• [Directions for this task]
Give the number of lines in the material below that hold "TREES", and nothing besides.

• [Extracted information]

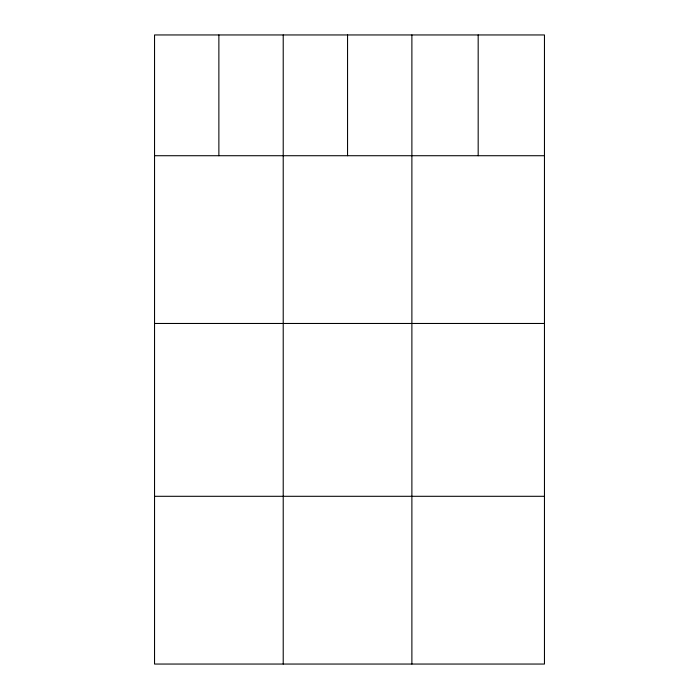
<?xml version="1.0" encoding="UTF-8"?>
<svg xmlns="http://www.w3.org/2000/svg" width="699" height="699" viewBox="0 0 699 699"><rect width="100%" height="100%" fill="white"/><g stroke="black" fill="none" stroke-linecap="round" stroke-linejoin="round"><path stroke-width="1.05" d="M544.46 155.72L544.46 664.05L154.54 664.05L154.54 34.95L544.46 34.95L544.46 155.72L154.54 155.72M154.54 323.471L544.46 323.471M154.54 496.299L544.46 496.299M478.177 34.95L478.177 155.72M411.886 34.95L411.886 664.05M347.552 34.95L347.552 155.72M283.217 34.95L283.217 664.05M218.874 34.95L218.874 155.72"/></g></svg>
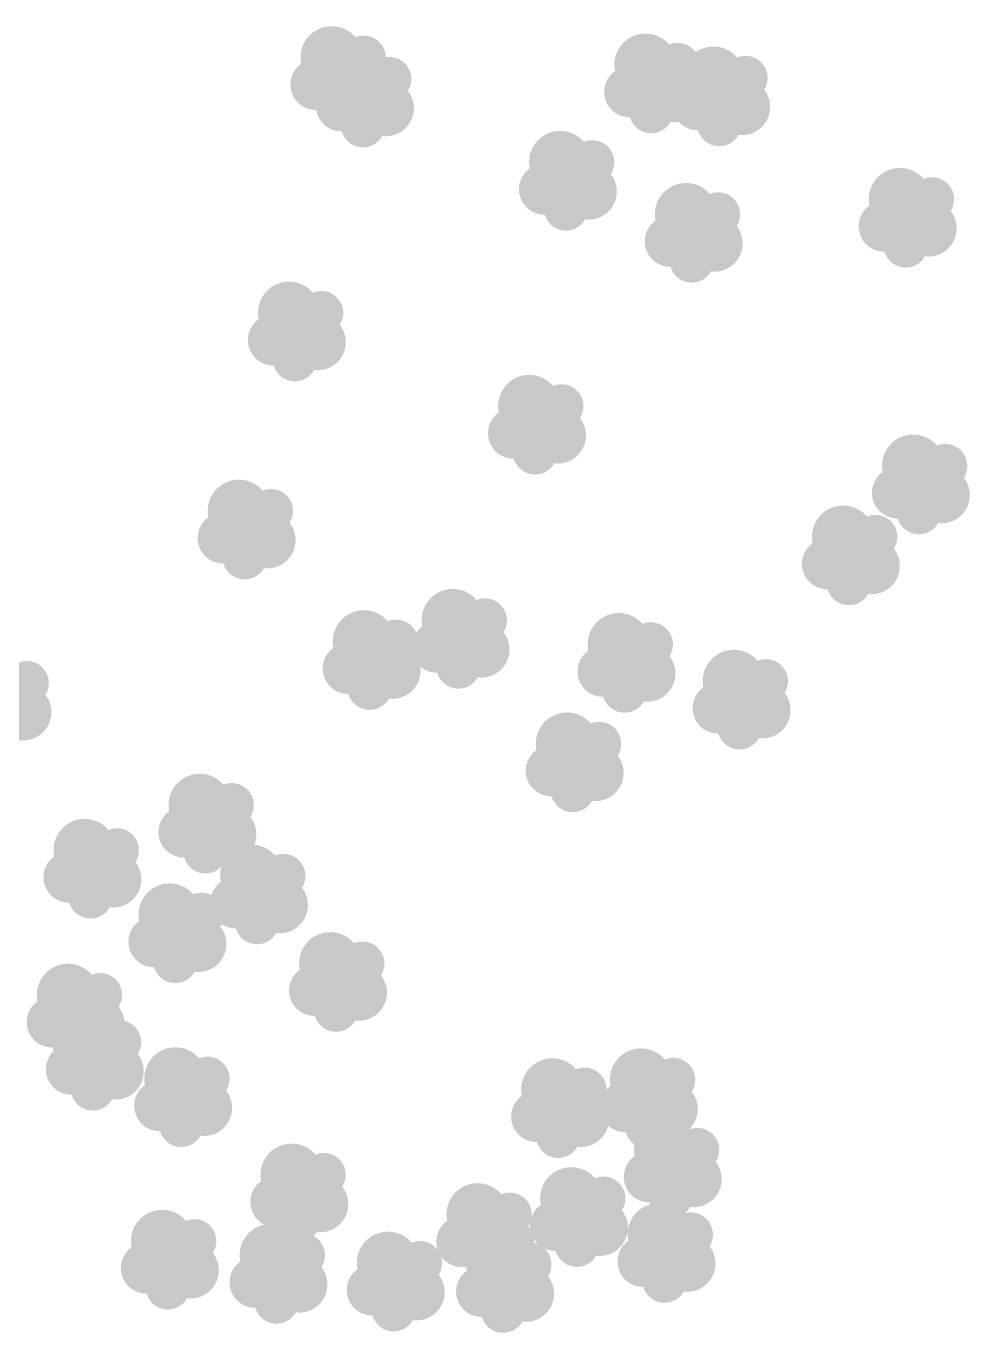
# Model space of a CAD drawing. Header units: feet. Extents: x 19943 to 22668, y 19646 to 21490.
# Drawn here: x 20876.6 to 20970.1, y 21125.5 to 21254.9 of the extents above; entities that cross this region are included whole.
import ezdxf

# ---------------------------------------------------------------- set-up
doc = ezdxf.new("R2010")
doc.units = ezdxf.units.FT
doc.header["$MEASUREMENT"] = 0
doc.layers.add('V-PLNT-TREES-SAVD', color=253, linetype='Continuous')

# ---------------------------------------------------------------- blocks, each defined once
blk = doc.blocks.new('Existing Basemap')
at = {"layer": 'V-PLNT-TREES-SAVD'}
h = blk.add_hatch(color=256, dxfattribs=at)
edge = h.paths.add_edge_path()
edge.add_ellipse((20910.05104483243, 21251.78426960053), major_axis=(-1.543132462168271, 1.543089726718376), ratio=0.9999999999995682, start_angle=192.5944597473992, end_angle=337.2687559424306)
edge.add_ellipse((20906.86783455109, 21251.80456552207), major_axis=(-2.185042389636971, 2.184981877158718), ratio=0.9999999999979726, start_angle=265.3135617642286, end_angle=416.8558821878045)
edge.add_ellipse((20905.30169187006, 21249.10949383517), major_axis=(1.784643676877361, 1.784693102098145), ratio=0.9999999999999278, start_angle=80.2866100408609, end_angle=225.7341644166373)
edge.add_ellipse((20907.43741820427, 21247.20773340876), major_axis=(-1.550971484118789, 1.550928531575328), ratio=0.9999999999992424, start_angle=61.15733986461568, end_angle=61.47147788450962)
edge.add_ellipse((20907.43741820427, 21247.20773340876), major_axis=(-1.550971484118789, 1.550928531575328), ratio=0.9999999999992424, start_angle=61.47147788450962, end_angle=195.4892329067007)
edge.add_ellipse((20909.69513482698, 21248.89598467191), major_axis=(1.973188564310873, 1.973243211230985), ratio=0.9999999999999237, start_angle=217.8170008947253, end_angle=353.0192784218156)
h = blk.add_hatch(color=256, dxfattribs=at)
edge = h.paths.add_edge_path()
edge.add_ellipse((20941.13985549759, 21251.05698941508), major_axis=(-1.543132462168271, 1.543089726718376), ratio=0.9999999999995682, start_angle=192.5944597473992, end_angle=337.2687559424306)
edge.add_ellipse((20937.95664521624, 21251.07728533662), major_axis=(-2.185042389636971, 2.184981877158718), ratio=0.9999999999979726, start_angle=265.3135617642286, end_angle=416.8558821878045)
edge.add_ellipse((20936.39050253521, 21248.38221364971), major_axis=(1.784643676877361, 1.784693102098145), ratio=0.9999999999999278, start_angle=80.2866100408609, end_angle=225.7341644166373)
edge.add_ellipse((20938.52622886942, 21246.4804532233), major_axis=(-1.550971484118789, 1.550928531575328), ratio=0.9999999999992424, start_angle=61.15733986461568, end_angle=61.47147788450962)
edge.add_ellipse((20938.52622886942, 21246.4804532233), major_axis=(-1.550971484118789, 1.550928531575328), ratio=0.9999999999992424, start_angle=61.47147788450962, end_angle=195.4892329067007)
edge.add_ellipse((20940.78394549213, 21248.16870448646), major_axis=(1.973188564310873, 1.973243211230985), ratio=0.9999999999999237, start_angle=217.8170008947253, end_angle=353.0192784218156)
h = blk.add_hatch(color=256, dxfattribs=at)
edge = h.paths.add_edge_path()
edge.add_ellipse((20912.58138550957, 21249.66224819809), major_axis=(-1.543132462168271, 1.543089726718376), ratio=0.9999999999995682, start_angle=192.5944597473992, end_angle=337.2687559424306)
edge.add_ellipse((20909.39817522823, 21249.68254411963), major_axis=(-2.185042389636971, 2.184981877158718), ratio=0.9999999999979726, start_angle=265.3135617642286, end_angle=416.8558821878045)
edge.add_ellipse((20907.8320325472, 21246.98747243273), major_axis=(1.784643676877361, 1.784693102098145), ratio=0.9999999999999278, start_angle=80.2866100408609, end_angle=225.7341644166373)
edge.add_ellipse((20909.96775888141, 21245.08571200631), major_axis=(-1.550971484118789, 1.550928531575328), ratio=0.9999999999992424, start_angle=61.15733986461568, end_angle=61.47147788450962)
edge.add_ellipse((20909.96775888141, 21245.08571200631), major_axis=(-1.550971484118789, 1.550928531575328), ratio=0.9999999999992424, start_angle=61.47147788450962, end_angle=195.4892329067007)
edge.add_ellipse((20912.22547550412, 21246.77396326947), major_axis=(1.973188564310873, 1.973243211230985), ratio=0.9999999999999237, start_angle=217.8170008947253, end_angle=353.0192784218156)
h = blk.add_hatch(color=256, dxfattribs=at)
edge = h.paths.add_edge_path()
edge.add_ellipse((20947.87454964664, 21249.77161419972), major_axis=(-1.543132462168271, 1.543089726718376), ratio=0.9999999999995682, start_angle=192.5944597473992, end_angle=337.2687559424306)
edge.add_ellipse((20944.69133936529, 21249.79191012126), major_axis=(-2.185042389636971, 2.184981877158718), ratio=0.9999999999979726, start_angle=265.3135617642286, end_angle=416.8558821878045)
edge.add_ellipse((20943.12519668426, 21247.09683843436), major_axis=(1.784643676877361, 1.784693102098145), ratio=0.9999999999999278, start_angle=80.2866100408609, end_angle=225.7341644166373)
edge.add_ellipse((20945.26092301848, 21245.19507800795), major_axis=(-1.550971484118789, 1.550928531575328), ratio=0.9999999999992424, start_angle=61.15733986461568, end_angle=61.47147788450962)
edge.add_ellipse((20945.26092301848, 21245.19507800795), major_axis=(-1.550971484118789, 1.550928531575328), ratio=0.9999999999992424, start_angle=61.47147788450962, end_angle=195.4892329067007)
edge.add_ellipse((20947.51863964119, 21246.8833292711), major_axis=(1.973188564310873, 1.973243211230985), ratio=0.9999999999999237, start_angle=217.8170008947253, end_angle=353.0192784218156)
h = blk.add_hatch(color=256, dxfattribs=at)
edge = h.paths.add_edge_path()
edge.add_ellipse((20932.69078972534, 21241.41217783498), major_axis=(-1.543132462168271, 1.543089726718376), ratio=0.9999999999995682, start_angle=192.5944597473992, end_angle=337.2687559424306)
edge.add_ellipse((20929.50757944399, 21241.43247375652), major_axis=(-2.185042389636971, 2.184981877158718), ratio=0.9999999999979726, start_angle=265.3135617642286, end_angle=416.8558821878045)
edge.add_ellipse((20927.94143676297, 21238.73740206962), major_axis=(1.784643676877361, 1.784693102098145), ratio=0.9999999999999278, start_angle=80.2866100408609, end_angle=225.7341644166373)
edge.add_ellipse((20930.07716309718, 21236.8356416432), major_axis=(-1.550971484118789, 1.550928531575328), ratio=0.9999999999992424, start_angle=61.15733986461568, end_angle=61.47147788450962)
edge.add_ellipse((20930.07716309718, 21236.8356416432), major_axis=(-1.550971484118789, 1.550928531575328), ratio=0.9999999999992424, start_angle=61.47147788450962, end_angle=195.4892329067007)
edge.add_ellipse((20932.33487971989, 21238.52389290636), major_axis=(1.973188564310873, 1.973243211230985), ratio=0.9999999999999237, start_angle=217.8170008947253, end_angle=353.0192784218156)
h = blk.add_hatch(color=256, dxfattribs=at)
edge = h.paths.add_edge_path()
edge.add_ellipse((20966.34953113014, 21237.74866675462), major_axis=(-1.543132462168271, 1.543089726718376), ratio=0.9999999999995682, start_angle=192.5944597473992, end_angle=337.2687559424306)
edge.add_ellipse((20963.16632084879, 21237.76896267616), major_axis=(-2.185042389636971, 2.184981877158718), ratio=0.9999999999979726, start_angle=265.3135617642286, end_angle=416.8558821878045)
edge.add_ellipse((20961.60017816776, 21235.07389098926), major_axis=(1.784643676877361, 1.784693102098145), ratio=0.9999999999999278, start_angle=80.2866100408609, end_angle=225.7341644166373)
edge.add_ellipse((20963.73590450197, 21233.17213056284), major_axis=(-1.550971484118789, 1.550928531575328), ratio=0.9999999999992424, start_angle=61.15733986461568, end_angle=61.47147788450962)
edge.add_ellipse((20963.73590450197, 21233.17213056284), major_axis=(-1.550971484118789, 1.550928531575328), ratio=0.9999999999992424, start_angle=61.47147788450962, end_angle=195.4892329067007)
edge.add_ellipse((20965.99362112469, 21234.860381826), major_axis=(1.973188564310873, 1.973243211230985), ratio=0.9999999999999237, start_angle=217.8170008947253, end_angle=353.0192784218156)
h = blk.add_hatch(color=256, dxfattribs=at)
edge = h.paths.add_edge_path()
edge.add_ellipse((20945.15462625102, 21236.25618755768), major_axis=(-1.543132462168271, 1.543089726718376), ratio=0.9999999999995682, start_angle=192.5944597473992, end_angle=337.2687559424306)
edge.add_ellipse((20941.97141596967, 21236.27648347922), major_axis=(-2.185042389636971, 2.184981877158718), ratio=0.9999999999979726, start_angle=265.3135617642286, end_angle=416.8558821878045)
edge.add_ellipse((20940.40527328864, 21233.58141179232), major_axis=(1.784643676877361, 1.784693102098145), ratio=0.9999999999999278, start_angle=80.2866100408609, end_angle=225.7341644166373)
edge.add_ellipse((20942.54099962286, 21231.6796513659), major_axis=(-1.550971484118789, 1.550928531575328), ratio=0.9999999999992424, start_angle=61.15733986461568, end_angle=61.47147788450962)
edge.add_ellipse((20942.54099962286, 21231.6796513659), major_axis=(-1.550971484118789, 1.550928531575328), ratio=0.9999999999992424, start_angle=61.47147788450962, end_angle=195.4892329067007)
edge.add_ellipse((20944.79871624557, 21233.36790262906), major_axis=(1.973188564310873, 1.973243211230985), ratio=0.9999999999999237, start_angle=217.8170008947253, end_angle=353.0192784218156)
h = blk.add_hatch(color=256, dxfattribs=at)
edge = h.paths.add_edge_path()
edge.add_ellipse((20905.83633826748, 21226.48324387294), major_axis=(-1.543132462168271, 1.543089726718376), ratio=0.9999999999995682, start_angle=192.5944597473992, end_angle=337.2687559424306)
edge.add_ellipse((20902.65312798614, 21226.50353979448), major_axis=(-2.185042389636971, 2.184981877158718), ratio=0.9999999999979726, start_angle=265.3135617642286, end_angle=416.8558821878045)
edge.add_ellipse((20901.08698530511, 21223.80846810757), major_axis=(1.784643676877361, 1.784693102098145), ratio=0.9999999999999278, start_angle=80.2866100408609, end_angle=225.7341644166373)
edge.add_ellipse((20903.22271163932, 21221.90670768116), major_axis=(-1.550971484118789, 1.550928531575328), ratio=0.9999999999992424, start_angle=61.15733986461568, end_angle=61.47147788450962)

• [Solution for this problem]
2